# So who has the new ION auger?



## HunterHads (Jun 28, 2005)

I work at Jays in Gaylord and we have been selling them like crazy. I love the feel of them and hope to get one out on the ice sometime this winter to play with it myself. Who has bought one and how do you like it? Does it get the battery life they say and does it cut smoth?


----------



## perchkilla (Oct 11, 2010)

I bought one when they were on pre order. Once I got it I hated the delay. And the trigger feels cheap so I took it back. Got the lith ice gator and the thing is awesome. 


Posted using Outdoor Hub Campfire


----------



## walleyeassasin (Jan 9, 2010)

Seen a couple guys on vandy today using them..seems to cut great..they were cutting alot of holes and borrowing it out.

posted using Outdoor Hub Campfire


----------



## LunkerMan (Jan 4, 2013)

I just used mine today and its more than awesome! Cuts with absolutely no effort. Battery is awesome. I think you can drill even more than 40 holes on one battery if the ice is 5-6 inches. Don't have a single negative thing to say about it 


Posted using Outdoor Hub Campfire


----------



## naterade (Nov 30, 2008)

what are the blade specs on them? are they interchangeable with mora or laser?

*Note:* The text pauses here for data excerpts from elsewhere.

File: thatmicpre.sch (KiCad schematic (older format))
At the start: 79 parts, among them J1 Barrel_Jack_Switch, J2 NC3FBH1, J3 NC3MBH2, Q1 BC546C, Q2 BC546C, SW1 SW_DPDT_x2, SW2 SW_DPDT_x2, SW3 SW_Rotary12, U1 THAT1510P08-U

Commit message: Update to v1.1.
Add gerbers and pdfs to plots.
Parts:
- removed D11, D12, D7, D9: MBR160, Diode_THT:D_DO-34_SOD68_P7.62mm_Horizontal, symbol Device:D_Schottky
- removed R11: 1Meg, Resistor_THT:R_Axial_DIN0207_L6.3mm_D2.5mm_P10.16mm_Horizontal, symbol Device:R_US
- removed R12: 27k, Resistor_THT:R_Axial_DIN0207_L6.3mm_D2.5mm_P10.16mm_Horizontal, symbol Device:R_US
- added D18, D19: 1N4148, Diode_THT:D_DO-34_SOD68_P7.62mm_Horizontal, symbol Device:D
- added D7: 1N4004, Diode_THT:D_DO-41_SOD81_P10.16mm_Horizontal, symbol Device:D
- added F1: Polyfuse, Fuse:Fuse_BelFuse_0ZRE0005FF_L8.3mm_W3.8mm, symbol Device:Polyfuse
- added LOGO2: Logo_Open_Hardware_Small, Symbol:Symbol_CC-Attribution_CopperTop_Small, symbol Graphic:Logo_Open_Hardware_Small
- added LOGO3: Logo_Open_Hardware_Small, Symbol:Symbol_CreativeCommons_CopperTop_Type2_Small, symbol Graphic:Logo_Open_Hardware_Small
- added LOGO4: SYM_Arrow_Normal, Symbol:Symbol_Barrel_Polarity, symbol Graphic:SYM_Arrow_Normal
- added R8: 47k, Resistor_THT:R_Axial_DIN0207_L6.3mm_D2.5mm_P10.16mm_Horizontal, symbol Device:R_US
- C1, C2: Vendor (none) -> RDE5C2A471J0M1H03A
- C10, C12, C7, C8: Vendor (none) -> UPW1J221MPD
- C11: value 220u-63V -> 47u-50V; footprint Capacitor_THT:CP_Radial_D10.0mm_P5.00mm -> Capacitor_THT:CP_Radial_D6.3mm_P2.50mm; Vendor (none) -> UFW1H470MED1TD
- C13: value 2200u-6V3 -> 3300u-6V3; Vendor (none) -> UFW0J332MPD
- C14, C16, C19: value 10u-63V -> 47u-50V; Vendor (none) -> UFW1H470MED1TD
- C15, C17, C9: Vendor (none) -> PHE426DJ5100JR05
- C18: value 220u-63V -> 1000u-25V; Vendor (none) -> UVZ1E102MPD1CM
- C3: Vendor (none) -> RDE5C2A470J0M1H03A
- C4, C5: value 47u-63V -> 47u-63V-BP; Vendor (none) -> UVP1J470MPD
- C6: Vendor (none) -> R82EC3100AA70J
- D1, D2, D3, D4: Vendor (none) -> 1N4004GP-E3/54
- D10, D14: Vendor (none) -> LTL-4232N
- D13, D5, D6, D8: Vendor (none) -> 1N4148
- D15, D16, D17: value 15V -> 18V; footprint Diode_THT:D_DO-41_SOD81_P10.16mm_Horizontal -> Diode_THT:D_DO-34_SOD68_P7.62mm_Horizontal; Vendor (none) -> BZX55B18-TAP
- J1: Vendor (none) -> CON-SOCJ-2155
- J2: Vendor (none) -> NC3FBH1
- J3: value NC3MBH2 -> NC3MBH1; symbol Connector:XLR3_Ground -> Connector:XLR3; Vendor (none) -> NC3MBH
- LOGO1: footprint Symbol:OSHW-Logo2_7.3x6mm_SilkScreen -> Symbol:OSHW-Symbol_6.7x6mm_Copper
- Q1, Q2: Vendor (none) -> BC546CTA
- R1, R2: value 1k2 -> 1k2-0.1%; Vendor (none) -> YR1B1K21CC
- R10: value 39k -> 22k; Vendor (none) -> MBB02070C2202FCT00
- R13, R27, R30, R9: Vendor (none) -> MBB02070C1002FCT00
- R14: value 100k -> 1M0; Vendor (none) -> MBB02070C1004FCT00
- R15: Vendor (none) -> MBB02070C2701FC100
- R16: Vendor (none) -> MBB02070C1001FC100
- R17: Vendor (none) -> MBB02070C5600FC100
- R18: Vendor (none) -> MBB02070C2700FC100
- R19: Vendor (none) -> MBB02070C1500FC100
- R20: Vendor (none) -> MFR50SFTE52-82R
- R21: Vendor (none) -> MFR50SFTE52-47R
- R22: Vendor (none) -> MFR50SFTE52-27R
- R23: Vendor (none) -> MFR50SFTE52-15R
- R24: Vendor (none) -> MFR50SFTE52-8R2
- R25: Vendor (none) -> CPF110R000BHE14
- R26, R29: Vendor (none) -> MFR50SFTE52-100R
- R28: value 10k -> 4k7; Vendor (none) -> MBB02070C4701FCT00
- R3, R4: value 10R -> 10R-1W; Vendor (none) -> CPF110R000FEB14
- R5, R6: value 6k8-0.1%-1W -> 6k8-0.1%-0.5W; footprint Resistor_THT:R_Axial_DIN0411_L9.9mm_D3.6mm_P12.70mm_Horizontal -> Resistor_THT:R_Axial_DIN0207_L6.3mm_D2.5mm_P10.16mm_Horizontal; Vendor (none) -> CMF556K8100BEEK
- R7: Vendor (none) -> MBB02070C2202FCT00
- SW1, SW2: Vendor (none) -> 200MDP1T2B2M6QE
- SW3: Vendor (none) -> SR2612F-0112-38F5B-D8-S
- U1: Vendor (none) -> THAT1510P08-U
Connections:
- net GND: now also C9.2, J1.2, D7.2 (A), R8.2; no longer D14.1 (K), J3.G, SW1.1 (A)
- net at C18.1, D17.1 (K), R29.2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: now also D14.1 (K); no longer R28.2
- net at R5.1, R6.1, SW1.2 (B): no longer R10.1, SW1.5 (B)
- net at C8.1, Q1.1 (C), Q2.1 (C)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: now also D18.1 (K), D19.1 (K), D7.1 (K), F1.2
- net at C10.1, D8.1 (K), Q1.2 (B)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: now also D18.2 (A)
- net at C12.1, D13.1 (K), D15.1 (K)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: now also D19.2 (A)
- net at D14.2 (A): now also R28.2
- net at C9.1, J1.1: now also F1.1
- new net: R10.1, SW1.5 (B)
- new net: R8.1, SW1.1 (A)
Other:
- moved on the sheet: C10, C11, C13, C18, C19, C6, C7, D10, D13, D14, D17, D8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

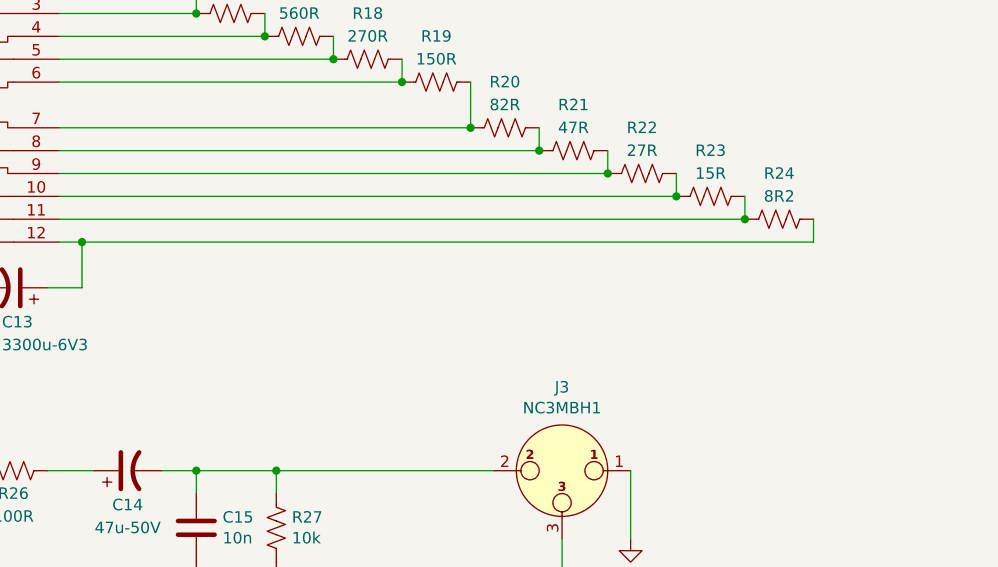
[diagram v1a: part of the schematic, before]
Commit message: Add .m file to calculate gain resistors. Add comment to schematic
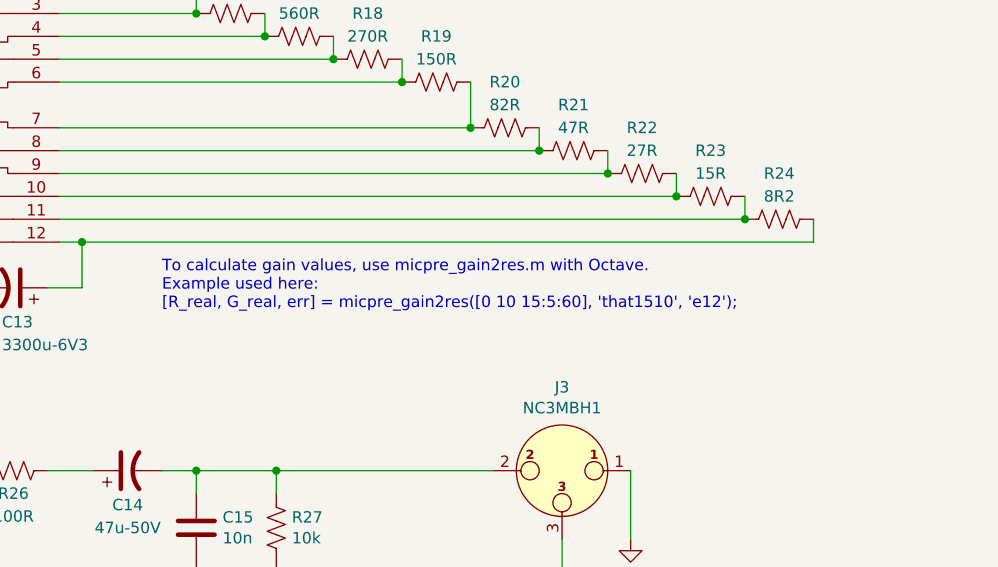
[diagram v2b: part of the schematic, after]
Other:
- note added: "To calculate gain values, use micpre_gain2res.m with Octave.\nExample used here:\n[R_real, G_real, err] = micpre_gain2res([0 10 15:5:60], 'that1510', 'e12');"
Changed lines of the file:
@@
 	-1   0    0    1
 $EndComp
+Text Notes 8100 4200 0    50   ~ 0
+To calculate gain values, use micpre_gain2res.m with Octave.\nExample used here:\n[R_real, G_real, err] = micpre_gain2res([0 10 15:5:60], 'that1510', 'e12');
 $EndSCHEMATC

The battery life/number of holes is going to be directly proportionate to the sharpness of the cutting blade. That's the only thing I would hesitate on if I was buying one.

well, not the only thing, but one of the major items. I guess if it were a decision about electric, then battery replacement cost, ability to wire to conventional battery, overall construction, and warranty would be the others.


----------



## breminnie (Aug 14, 2012)

Have had mine out a few times and so far its bad ass. Cuts smooth and im getting great battery life. Yesterday we cut 50-60 holes through 5 inches and we had battery left. witch was the most ive cut in 1 day so far. totally unbelievable.Watched a guy try to start a gas auger that never did start he ended up spudding his holes. but in the 10 minutes he was yanking on his auger I cut 20 holes (3 of us fishing). only time will tell the whole story, but its the best so far. Very lite does not beat you up and opens old holes with ease. best tool since my flasher. There were other gas augers out there and i would wait for them to start a hole and I would start and it out them but who knows how shape their blades were. Heading back out now for another day on the ice. tight lines.


----------



## Junior G3 (Jan 4, 2013)

naterade said:


> what are the blade specs on them? are they interchangeable with mora or laser?
> 
> The battery life/number of holes is going to be directly proportionate to the sharpness of the cutting blade. That's the only thing I would hesitate on if I was buying one.
> 
> well, not the only thing, but one of the major items. I guess if it were a decision about electric, then battery replacement cost, ability to wire to conventional battery, overall construction, and warranty would be the others.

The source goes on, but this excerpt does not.